Leukotriene B4 receptor 1 antagonist in combination with kinase MST1/2 inhibitor has potential for treatment of myocardial infarction

Timely inhibition of inflammation and initiation of resolution are important for the repair of injured tissues. Pharmacological inhibition of mammalian STE20-like protein kinase 1/2 (MST1/2) with XMU-MP-1 might augment tissue regeneration and repair by suppressing apoptosis and increasing cell proliferation.
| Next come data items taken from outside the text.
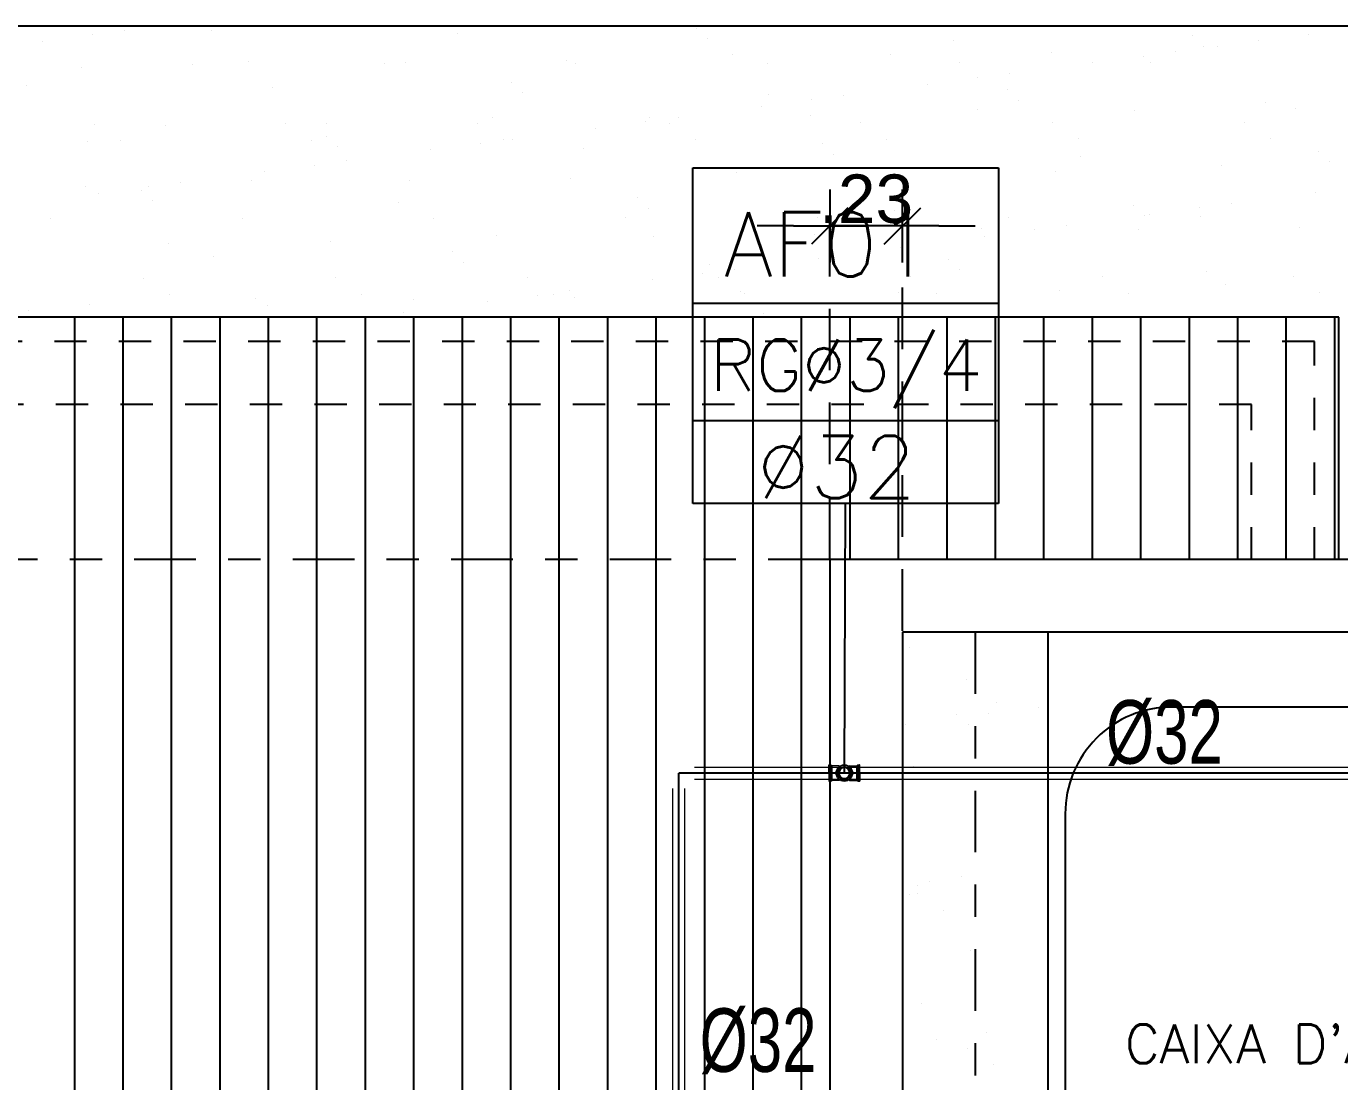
# Model space of a CAD drawing. Header units: millimetres. Extents: x 1573 to 2177, y 1587 to 1932.
# Drawn here: x 1932.687 to 1936.752, y 1919.129 to 1922.395 of the extents above; entities that cross this region are included whole.
import ezdxf
from ezdxf.enums import TextEntityAlignment as Align

# ---------------------------------------------------------------- set-up
doc = ezdxf.new("R2010")
doc.units = ezdxf.units.MM
doc.header["$LTSCALE"] = 0.03
for name, pattern in [('CONTINU', [0]), ('DASHDOT', [25.4, 12.7, -6.35, 0, -6.35]), ('HIDDEN', [9.525, 6.35, -3.175])]:
    doc.linetypes.add(name, pattern=pattern)
for name, color, linetype in [('-HIDRO', 8, 'Continuous'), ('AF', 2, 'Continuous'), ('Prumadas_L', 1, 'Continuous'), ('Prumadas_Q', 3, 'Continuous'), ('Prumadas_T', 2, 'Continuous')]:
    doc.layers.add(name, color=color, linetype=linetype)
doc.layers.add('TigreCad', color=2, linetype='Continuous', lineweight=13)
doc.styles.add('100-25', font='ROMANS.shx', dxfattribs={"height": 0.12})
doc.styles.add('CELIO_COTA', font='technic_.ttf', dxfattribs={"width": 0.85})
doc.styles.add('ROMANS', font='romans.shx', dxfattribs={"height": 0.1})
doc.styles.get("Standard").update_dxf_attribs({"font": 'arial.ttf'})

# ---------------------------------------------------------------- blocks, each defined once
blk = doc.blocks.new('22090259s')
at = {"layer": 'TigreCad', "linetype": 'Continuous'}
for p, q in [((-32, 13.2), (-32, 16.5)), ((-32, 0), (-32, 13.2)), ((-28, 17), (-31.5, 17)), ((-31.5, -17), (-31.5, 17)), ((-28, 17), (-26.1, 15.1)), ((-28, -17), (-28, 17)), ((-10.5, 15.1), (-26.1, 15.1)), ((-26.1, 15.1), (-26.1, -15.1)), ((-10.5, 15.1), (-9.6, 14.2)), ((-10.5, 13.6), (-10.5, 15.1)), ((10.5, 15.1), (9.6, 14.2)), ((10.5, 15.1), (26.1, 15.1)), ((10.5, 13.6), (10.5, 15.1)), ((28, 17), (26.1, 15.1)), ((26.1, -15.1), (26.1, 15.1)), ((28, 17), (31.5, 17)), ((28, 17), (28, -17)), ((31.5, -17), (31.5, 17)), ((32, 13.5), (32, 16.5)), ((32, 0), (32, 13.5)), ((-32, 0), (-32, -16.5)), ((-32, -14.2), (-32, -16.5)), ((-28, -17), (-31.5, -17)), ((-28, -17), (-26.1, -15.1)), ((-10.5, -15.1), (-26.1, -15.1)), ((-10.5, -15.1), (-10.5, -13.6)), ((-10.5, -15.1), (-9.6, -14.2)), ((10.5, -15.1), (9.6, -14.2)), ((10.5, -15.1), (10.5, -13.6)), ((10.5, -15.1), (26.1, -15.1)), ((28, -17), (26.1, -15.1)), ((28, -17), (31.5, -17)), ((32, 0), (32, -13.8)), ((32, -13.8), (32, -16.5))]:
    blk.add_line(p, q, dxfattribs=at)
for radius in [17.1, 16, 13.5, 12.5]:
    blk.add_circle((0, 0), radius, dxfattribs=at)
for centre, radius, start, end in [((-31.5, 16.5), 0.5, 90, 180), ((0, 0), 10.8, 90, 270), ((0, 0), 10.8, 270, 90), ((31.5, 16.5), 0.5, 0, 90), ((-31.5, -16.5), 0.5, 180, 270), ((31.5, -16.5), 0.5, 270, 360)]:
    blk.add_arc(centre, radius, start, end, dxfattribs=at)
blk = doc.blocks.new('TICK1')
for p, q in [((0, 1), (0, -1)), ((0.5, 0.5), (-0.5, -0.5)), ((-1, 0), (1, 0))]:
    blk.add_line(p, q)

msp = doc.modelspace()

# ---------------------------------------------------------------- linework, layer by layer
at = {"layer": '-HIDRO'}
for p, q in [((1937.6492, 1922.3953), (1926.6212, 1922.3953)), ((1932.8914, 1922.3683), (1932.8914, 1922.3683)), ((1932.9905, 1922.3814), (1932.9905, 1922.3814)), ((1933.2602, 1922.3807), (1933.2602, 1922.3807)), ((1934.0225, 1922.3741), (1934.0225, 1922.3741)), ((1934.7609, 1922.3894), (1934.7609, 1922.3894)), ((1934.796, 1922.3573), (1934.796, 1922.3573)), ((1936.2967, 1922.3661), (1936.2967, 1922.3661)), ((1936.6565, 1922.3708), (1936.6565, 1922.3708)), ((1932.7365, 1922.3479), (1932.7365, 1922.3479)), ((1935.5583, 1922.3507), (1935.5583, 1922.3507)), ((1936.2428, 1922.3163), (1936.2428, 1922.3163)), ((1936.3318, 1922.3339), (1936.3318, 1922.3339)), ((1936.3747, 1922.3317), (1936.3747, 1922.3317)), ((1936.5016, 1922.3504), (1936.5016, 1922.3504)), ((1933.2013, 1922.2777), (1933.2013, 1922.2777)), ((1933.3738, 1922.2865), (1933.3738, 1922.2865)), ((1933.7946, 1922.2788), (1933.7946, 1922.2788)), ((1933.8611, 1922.2842), (1933.8611, 1922.2842)), ((1934.3597, 1922.2906), (1934.3597, 1922.2906)), ((1934.3878, 1922.2799), (1934.3878, 1922.2799)), ((1934.8742, 1922.3091), (1934.8742, 1922.3091)), ((1934.981, 1922.281), (1934.981, 1922.281)), ((1935.3616, 1922.3068), (1935.3616, 1922.3068)), ((1935.5743, 1922.282), (1935.5743, 1922.282)), ((1935.8602, 1922.3131), (1935.8602, 1922.3131)), ((1935.9888, 1922.2829), (1935.9888, 1922.2829)), ((1936.1437, 1922.3033), (1936.1437, 1922.3033)), ((1936.1675, 1922.2831), (1936.1675, 1922.2831)), ((1932.8592, 1922.268), (1932.8592, 1922.268)), ((1935.6309, 1922.2358), (1935.6309, 1922.2358)), ((1935.7301, 1922.2488), (1935.7301, 1922.2488)), ((1932.6875, 1922.2135), (1932.6875, 1922.2135)), ((1933.4498, 1922.2069), (1933.4498, 1922.2069)), ((1934.1882, 1922.2222), (1934.1882, 1922.2222)), ((1935.476, 1922.2154), (1935.476, 1922.2154)), ((1935.724, 1922.1989), (1935.724, 1922.1989)), ((1934.2233, 1922.1901), (1934.2233, 1922.1901)), ((1934.9856, 1922.1835), (1934.9856, 1922.1835)), ((1935.1181, 1922.1682), (1935.1181, 1922.1682)), ((1935.2173, 1922.1813), (1935.2173, 1922.1813)), ((1935.7591, 1922.1667), (1935.7591, 1922.1667)), ((1936.5214, 1922.1601), (1936.5214, 1922.1601)), ((1934.13, 1922.1143), (1934.13, 1922.1143)), ((1934.7045, 1922.1138), (1934.7045, 1922.1138)), ((1934.9632, 1922.1479), (1934.9632, 1922.1479)), ((1935.116, 1922.1183), (1935.116, 1922.1183)), ((1935.6305, 1922.1368), (1935.6305, 1922.1368)), ((1936.1178, 1922.1345), (1936.1178, 1922.1345)), ((1936.6165, 1922.1409), (1936.6165, 1922.1409)), ((1932.8973, 1922.0924), (1932.8973, 1922.0924)), ((1933.1168, 1922.0894), (1933.1168, 1922.0894)), ((1933.4905, 1922.0935), (1933.4905, 1922.0935)), ((1933.6155, 1922.0957), (1933.6155, 1922.0957)), ((1934.0838, 1922.0946), (1934.0838, 1922.0946)), ((1934.4505, 1922.0803), (1934.4505, 1922.0803)), ((1934.6053, 1922.1007), (1934.6053, 1922.1007)), ((1934.6173, 1922.1119), (1934.6173, 1922.1119)), ((1934.677, 1922.0956), (1934.677, 1922.0956)), ((1935.2702, 1922.0967), (1935.2702, 1922.0967)), ((1935.8635, 1922.0978), (1935.8635, 1922.0978)), ((1936.4567, 1922.0989), (1936.4567, 1922.0989)), ((1932.8771, 1922.0397), (1932.8771, 1922.0397)), ((1932.9776, 1922.0412), (1932.9776, 1922.0412)), ((1933.5708, 1922.0423), (1933.5708, 1922.0423)), ((1933.6155, 1922.055), (1933.6155, 1922.055)), ((1934.0926, 1922.0332), (1934.0926, 1922.0332)), ((1934.1641, 1922.0434), (1934.1641, 1922.0434)), ((1934.1917, 1922.0463), (1934.1917, 1922.0463)), ((1934.7573, 1922.0445), (1934.7573, 1922.0445)), ((1935.1513, 1922.0317), (1935.1513, 1922.0317)), ((1935.3506, 1922.0455), (1935.3506, 1922.0455)), ((1935.9438, 1922.0466), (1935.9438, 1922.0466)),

However, MST1 has anti-inflammatory activity, inhibition of which may result in therapy failure. Here, we identified an approach with the potential to overcome this limitation by protecting against cardiac inflammation resulting from inhibition of MST1 in macrophages. We found exacerbation of cardiac dysfunction in LysMCre-mediated Mst1/2-deficient mice after myocardial infarction (MI). This effect was attributed to a shift of macrophage subtypes from those expressing Cxcl2 and Cd163 toward those with Ccl2 and Ccl4 expression. Mass spectrometry identified leukotriene B4 (LTB4) as the lipid mediator that was upregulated in the absence of MST1. We found that MST1 phosphorylated 5-lipoxygenase (5-LOX) at its T218 residue, disrupting the interaction between 5-LOX and 5-LOX-activating protein, and resulting in reduction of LTB4 production. By contrast, a 5-LOXT218A variant showed no response to MST1. Moreover, treatment of peritoneal macrophages with LTB4 or with medium conditioned by Mst1-deficient macrophages resulted in high Ccl2 and Ccl4 expression and low Cxcl2 and Cd163 expression, except when the cells were co-treated with the LTB4 receptor 1 (BLT1) antagonist CP105696. Furthermore, CP105696 ameliorated cardiac dysfunction in LysMCre-mediated Mst1/2-deficient mice and enhanced cardiac repair in wild-type mice treated with XMU-MP-1 after MI. The combination of an MST1/2 inhibitor and a BLT1 antagonist represents a promising strategy for combatting the effects of MI. Overall design: Single cell RNA-Seq of mouse hearts

及时抑制炎症并启动炎症消退程序，对受损组织的修复具有关键意义。采用XMU-MP-1对哺乳动物STE20样蛋白激酶1/2（MST1/2）进行药理学抑制，可通过抑制细胞凋亡、促进细胞增殖，增强组织再生与修复能力。但MST1本身具备抗炎活性，对其进行抑制可能导致治疗失败。在此，我们报道了一种有望克服该局限的策略：通过拮抗巨噬细胞中MST1抑制所诱发的心脏炎症反应。我们发现，在心肌梗死（MI）模型中，LysMCre介导的Mst1/2基因敲除小鼠的心脏功能障碍会进一步加重。该现象的机制为巨噬细胞亚型发生极化偏移：从表达Cxcl2与Cd163的亚型，转向表达Ccl2与Ccl4的亚型。质谱分析发现，在MST1缺失的情况下，白三烯B4（LTB4）作为脂质介质表达上调。我们证实，MST1可在5-脂氧合酶（5-LOX）的T218位点对其进行磷酸化，从而破坏5-LOX与5-脂氧合酶激活蛋白的相互作用，最终减少LTB4的生成。相反，5-LOX的T218A突变体（5-LOXT218A）则不受MST1调控。此外，用LTB4或Mst1基因敲除巨噬细胞的条件培养基处理腹膜巨噬细胞，会使细胞高表达Ccl2与Ccl4、低表达Cxcl2与Cd163；但若同时加入白三烯B4受体1（BLT1）拮抗剂CP105696，则可阻断该效应。进一步实验表明，CP105696可改善LysMCre介导的Mst1/2基因敲除小鼠的心脏功能障碍，并在心肌梗死模型中增强XMU-MP-1处理的野生型小鼠的心脏修复能力。综上，MST1/2抑制剂与BLT1拮抗剂联合使用，有望成为对抗心肌梗死损伤的潜在治疗策略。实验整体设计：小鼠心脏单细胞RNA测序。